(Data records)
- Opening Delimiter -

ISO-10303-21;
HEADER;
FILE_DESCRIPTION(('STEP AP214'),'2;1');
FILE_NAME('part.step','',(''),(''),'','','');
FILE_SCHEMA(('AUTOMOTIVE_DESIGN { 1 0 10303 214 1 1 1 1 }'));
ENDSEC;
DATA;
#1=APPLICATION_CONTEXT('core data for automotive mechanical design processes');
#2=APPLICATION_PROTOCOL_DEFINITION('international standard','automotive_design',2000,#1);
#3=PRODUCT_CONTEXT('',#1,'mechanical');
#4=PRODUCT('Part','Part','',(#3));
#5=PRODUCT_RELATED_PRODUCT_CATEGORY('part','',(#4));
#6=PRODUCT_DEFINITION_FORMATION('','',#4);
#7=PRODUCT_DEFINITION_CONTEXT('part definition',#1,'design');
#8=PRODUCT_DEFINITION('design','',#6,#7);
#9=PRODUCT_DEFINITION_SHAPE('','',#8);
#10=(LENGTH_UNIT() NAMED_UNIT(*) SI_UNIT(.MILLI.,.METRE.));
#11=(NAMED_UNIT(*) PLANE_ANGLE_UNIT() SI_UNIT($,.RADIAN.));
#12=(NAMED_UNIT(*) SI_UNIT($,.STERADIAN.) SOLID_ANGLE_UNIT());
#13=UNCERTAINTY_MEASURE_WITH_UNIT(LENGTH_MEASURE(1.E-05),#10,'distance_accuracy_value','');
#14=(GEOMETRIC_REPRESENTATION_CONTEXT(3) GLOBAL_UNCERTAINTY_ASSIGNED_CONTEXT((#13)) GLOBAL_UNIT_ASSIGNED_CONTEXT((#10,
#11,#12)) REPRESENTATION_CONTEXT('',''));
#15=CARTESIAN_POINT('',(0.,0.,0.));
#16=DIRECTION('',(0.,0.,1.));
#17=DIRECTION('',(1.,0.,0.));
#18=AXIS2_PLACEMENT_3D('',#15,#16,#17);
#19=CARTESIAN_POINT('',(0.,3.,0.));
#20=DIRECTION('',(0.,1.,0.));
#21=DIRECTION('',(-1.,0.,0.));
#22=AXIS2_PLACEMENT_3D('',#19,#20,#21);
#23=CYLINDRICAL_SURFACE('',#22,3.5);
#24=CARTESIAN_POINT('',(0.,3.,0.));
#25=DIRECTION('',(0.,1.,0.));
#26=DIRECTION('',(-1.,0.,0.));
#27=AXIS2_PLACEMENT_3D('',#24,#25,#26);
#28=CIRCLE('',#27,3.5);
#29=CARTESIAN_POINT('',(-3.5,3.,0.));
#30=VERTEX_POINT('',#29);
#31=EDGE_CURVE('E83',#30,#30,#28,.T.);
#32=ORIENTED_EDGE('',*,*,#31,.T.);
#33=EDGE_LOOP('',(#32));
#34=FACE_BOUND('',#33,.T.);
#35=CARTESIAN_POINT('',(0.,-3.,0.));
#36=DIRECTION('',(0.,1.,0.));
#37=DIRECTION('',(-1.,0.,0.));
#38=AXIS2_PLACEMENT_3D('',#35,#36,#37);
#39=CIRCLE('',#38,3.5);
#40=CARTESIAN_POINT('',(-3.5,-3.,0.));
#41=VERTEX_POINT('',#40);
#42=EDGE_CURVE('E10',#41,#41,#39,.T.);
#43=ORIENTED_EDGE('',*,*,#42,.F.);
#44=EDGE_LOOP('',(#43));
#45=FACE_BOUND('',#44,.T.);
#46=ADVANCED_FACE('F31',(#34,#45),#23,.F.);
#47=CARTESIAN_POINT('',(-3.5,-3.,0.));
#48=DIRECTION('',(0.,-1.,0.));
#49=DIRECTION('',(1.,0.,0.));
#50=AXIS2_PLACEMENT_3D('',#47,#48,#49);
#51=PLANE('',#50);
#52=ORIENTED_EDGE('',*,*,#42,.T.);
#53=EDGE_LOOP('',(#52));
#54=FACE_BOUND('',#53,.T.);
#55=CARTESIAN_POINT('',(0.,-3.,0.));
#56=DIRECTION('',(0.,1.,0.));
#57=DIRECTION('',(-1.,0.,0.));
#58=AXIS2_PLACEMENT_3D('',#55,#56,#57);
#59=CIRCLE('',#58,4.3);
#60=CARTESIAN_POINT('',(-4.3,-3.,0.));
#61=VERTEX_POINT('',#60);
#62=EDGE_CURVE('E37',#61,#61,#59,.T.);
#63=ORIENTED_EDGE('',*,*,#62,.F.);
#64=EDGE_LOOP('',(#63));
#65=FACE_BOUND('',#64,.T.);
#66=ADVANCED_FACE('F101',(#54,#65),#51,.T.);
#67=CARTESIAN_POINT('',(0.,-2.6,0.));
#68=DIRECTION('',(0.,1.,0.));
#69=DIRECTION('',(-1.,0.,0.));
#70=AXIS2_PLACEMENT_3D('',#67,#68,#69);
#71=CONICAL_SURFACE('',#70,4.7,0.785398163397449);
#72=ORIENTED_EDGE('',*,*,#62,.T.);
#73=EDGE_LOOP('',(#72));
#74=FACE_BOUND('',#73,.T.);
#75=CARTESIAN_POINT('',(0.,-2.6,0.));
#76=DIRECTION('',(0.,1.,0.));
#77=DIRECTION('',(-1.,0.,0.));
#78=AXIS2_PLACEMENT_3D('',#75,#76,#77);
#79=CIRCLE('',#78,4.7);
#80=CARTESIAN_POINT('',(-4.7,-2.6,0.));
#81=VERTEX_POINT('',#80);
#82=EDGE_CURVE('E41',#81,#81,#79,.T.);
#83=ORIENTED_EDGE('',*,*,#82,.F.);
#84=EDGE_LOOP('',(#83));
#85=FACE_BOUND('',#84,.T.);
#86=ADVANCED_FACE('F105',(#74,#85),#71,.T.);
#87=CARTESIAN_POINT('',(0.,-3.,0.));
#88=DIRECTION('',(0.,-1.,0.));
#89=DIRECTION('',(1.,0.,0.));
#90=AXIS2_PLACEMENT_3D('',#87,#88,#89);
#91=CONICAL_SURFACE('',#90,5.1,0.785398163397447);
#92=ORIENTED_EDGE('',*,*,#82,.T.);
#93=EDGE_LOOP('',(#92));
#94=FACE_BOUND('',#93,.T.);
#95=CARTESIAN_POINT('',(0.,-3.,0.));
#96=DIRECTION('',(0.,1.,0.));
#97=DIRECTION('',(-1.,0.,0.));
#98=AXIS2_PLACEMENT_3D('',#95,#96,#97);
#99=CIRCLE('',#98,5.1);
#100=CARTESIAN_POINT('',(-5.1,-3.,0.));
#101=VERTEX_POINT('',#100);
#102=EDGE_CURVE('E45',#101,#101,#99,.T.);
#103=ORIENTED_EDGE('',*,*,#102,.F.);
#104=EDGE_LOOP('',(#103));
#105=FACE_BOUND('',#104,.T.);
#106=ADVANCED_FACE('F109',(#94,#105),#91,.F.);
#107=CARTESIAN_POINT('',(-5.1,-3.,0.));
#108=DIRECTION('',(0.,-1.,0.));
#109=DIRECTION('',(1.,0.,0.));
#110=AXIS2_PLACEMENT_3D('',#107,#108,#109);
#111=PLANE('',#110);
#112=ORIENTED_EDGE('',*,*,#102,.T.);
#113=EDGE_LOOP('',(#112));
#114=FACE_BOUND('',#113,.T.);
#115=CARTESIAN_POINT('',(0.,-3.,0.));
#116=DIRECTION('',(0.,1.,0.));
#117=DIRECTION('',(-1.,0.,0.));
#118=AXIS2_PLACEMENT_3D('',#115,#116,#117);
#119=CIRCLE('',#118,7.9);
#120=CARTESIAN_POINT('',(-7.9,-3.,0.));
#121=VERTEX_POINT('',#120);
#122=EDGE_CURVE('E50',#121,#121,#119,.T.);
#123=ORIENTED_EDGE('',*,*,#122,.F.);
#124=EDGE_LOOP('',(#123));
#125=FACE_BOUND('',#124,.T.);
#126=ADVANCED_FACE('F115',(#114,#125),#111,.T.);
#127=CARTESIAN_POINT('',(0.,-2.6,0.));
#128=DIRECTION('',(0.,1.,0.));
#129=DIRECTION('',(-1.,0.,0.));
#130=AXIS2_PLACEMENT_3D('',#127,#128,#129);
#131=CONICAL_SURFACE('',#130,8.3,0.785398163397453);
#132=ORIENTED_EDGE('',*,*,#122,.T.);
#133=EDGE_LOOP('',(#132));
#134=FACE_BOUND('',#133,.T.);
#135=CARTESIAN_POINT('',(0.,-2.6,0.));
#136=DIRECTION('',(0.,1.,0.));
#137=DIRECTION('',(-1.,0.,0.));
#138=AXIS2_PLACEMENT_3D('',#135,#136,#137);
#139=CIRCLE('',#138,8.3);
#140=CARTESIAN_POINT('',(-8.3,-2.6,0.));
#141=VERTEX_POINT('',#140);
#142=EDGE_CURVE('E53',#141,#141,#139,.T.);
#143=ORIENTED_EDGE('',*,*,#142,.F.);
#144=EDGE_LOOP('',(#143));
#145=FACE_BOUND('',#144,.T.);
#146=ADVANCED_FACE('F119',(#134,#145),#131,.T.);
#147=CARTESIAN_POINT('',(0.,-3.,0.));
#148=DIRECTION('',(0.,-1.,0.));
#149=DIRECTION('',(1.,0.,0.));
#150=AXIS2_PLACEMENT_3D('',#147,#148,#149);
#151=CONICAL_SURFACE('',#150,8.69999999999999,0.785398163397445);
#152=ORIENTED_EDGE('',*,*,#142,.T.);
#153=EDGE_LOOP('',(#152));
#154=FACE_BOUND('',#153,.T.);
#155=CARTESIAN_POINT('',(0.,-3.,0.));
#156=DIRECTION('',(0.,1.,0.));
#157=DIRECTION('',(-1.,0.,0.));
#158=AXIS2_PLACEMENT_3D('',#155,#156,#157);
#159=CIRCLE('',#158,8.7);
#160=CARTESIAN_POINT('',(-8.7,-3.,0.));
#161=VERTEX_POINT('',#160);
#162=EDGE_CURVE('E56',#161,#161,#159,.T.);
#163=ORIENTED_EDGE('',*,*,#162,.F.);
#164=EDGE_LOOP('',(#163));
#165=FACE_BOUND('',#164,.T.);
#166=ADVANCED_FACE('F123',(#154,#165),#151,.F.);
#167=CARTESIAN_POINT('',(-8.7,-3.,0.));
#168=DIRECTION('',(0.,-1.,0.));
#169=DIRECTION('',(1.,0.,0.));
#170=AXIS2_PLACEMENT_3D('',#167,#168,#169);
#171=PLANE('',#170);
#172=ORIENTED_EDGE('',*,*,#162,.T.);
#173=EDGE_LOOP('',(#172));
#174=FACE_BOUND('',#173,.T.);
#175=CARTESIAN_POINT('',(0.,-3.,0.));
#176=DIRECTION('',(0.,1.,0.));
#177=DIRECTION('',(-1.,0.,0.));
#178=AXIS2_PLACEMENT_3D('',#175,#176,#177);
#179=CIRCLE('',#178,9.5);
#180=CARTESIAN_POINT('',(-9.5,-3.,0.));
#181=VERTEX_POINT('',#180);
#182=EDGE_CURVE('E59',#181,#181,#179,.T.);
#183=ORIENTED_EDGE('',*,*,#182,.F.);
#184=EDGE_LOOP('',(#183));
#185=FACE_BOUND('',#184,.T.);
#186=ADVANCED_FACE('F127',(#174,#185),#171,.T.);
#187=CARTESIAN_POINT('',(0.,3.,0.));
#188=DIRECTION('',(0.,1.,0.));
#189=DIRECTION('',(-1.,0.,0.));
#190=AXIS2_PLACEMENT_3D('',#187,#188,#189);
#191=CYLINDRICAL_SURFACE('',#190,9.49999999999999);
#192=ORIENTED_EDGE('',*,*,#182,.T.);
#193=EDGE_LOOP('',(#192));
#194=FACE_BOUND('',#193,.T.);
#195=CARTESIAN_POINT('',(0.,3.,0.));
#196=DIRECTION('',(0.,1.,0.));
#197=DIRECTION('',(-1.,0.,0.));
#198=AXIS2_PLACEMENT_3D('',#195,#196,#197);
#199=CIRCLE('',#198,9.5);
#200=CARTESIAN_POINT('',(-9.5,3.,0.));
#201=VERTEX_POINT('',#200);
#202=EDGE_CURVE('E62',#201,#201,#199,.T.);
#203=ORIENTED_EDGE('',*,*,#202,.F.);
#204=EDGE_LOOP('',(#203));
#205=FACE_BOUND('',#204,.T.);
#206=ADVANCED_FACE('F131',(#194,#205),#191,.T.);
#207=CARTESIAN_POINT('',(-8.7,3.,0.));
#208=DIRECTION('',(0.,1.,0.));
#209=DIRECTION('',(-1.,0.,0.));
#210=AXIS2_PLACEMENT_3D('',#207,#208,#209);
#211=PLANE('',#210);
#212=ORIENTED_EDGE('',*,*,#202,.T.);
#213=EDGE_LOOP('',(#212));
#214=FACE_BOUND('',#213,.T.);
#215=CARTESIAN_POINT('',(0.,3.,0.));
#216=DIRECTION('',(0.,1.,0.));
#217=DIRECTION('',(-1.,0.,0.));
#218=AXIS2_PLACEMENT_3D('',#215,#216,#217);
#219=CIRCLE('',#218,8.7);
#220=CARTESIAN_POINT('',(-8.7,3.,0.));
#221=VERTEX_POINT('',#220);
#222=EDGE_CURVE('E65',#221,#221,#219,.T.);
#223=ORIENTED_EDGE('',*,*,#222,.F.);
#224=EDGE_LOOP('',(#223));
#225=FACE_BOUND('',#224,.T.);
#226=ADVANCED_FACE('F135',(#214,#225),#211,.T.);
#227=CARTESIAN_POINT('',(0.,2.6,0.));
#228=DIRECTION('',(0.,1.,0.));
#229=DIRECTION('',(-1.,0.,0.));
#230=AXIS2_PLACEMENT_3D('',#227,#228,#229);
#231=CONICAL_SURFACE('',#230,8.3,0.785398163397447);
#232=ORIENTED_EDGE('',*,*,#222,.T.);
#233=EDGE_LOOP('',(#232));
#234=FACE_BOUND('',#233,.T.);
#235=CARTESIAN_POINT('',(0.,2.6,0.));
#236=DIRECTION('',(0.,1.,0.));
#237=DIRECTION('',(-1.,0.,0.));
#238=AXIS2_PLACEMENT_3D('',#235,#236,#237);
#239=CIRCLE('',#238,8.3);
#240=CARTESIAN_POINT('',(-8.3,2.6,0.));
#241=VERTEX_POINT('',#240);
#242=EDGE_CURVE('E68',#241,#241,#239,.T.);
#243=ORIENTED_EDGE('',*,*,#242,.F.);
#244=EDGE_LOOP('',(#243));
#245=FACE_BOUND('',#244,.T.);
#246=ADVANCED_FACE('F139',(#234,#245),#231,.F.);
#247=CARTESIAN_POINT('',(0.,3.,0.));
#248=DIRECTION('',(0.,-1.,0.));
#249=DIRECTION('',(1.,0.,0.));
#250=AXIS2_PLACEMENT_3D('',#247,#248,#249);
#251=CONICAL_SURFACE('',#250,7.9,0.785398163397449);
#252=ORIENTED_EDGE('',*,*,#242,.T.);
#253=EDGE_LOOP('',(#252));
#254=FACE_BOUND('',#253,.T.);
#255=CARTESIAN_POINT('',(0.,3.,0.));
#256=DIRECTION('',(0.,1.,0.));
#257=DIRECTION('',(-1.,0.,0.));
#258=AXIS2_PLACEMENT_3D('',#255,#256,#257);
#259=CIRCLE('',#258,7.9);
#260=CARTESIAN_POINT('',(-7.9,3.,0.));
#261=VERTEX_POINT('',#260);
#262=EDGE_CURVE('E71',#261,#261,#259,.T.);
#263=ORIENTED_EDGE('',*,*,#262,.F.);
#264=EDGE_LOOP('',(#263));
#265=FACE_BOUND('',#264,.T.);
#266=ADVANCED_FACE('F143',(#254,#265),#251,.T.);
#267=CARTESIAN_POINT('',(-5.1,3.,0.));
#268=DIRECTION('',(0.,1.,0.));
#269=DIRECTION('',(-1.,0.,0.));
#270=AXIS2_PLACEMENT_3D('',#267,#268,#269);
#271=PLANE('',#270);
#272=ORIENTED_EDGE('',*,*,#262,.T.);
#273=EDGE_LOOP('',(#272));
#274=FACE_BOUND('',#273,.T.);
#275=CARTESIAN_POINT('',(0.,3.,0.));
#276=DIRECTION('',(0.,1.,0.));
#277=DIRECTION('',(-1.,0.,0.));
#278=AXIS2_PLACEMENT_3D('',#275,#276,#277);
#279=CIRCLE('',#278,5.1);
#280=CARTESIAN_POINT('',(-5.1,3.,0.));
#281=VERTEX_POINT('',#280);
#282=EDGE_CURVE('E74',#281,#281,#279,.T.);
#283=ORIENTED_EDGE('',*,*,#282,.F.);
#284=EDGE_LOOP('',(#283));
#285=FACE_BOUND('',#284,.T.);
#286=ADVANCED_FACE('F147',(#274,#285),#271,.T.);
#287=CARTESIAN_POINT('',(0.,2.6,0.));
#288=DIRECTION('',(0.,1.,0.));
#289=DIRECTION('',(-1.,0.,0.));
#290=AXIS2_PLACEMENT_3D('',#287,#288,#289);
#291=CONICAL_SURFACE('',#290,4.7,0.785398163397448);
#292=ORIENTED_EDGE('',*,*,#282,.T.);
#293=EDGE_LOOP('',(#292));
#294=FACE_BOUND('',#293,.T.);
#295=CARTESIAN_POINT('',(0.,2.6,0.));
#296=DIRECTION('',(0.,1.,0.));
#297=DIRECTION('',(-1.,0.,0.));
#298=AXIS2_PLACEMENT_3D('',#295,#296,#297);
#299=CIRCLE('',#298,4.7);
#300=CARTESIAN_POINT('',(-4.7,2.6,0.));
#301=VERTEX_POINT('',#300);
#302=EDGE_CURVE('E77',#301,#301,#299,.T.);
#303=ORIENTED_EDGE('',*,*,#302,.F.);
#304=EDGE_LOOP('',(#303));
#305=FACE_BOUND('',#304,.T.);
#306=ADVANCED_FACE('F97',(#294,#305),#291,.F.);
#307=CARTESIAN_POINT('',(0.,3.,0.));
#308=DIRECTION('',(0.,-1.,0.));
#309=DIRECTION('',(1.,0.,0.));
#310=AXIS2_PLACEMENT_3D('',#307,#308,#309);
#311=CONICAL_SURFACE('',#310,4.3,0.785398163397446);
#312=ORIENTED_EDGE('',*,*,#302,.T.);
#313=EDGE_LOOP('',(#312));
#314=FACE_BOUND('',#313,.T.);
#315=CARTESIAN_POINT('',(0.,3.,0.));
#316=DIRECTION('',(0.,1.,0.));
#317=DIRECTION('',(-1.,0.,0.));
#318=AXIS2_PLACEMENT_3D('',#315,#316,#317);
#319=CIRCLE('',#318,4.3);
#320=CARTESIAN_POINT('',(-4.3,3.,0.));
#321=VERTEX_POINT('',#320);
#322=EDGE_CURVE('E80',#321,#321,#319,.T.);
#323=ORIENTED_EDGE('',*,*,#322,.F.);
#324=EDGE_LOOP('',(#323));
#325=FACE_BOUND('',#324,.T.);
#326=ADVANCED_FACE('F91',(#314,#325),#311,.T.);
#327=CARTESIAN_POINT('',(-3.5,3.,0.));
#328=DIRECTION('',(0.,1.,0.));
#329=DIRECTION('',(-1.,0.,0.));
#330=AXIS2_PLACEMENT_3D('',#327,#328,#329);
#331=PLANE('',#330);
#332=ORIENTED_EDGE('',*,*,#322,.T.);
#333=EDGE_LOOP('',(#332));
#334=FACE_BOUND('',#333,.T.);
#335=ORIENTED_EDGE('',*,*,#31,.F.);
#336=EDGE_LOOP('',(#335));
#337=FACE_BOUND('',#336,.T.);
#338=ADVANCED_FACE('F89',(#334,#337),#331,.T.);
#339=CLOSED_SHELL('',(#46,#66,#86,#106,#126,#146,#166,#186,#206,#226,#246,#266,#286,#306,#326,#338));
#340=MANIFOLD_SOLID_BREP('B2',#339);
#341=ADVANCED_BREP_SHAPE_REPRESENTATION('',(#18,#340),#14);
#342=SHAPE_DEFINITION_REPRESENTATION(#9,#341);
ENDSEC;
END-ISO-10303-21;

- Closing Delimiter -

[What needs to be done] Every line from the one containing "#315=CARTESIAN_POINT('',(0.,3.,0.));" to the close of the records must be reproduced exactly. Include both ends and nothing more.

[Answer section]
#315=CARTESIAN_POINT('',(0.,3.,0.));
#316=DIRECTION('',(0.,1.,0.));
#317=DIRECTION('',(-1.,0.,0.));
#318=AXIS2_PLACEMENT_3D('',#315,#316,#317);
#319=CIRCLE('',#318,4.3);
#320=CARTESIAN_POINT('',(-4.3,3.,0.));
#321=VERTEX_POINT('',#320);
#322=EDGE_CURVE('E80',#321,#321,#319,.T.);
#323=ORIENTED_EDGE('',*,*,#322,.F.);
#324=EDGE_LOOP('',(#323));
#325=FACE_BOUND('',#324,.T.);
#326=ADVANCED_FACE('F91',(#314,#325),#311,.T.);
#327=CARTESIAN_POINT('',(-3.5,3.,0.));
#328=DIRECTION('',(0.,1.,0.));
#329=DIRECTION('',(-1.,0.,0.));
#330=AXIS2_PLACEMENT_3D('',#327,#328,#329);
#331=PLANE('',#330);
#332=ORIENTED_EDGE('',*,*,#322,.T.);
#333=EDGE_LOOP('',(#332));
#334=FACE_BOUND('',#333,.T.);
#335=ORIENTED_EDGE('',*,*,#31,.F.);
#336=EDGE_LOOP('',(#335));
#337=FACE_BOUND('',#336,.T.);
#338=ADVANCED_FACE('F89',(#334,#337),#331,.T.);
#339=CLOSED_SHELL('',(#46,#66,#86,#106,#126,#146,#166,#186,#206,#226,#246,#266,#286,#306,#326,#338));
#340=MANIFOLD_SOLID_BREP('B2',#339);
#341=ADVANCED_BREP_SHAPE_REPRESENTATION('',(#18,#340),#14);
#342=SHAPE_DEFINITION_REPRESENTATION(#9,#341);
ENDSEC;
END-ISO-10303-21;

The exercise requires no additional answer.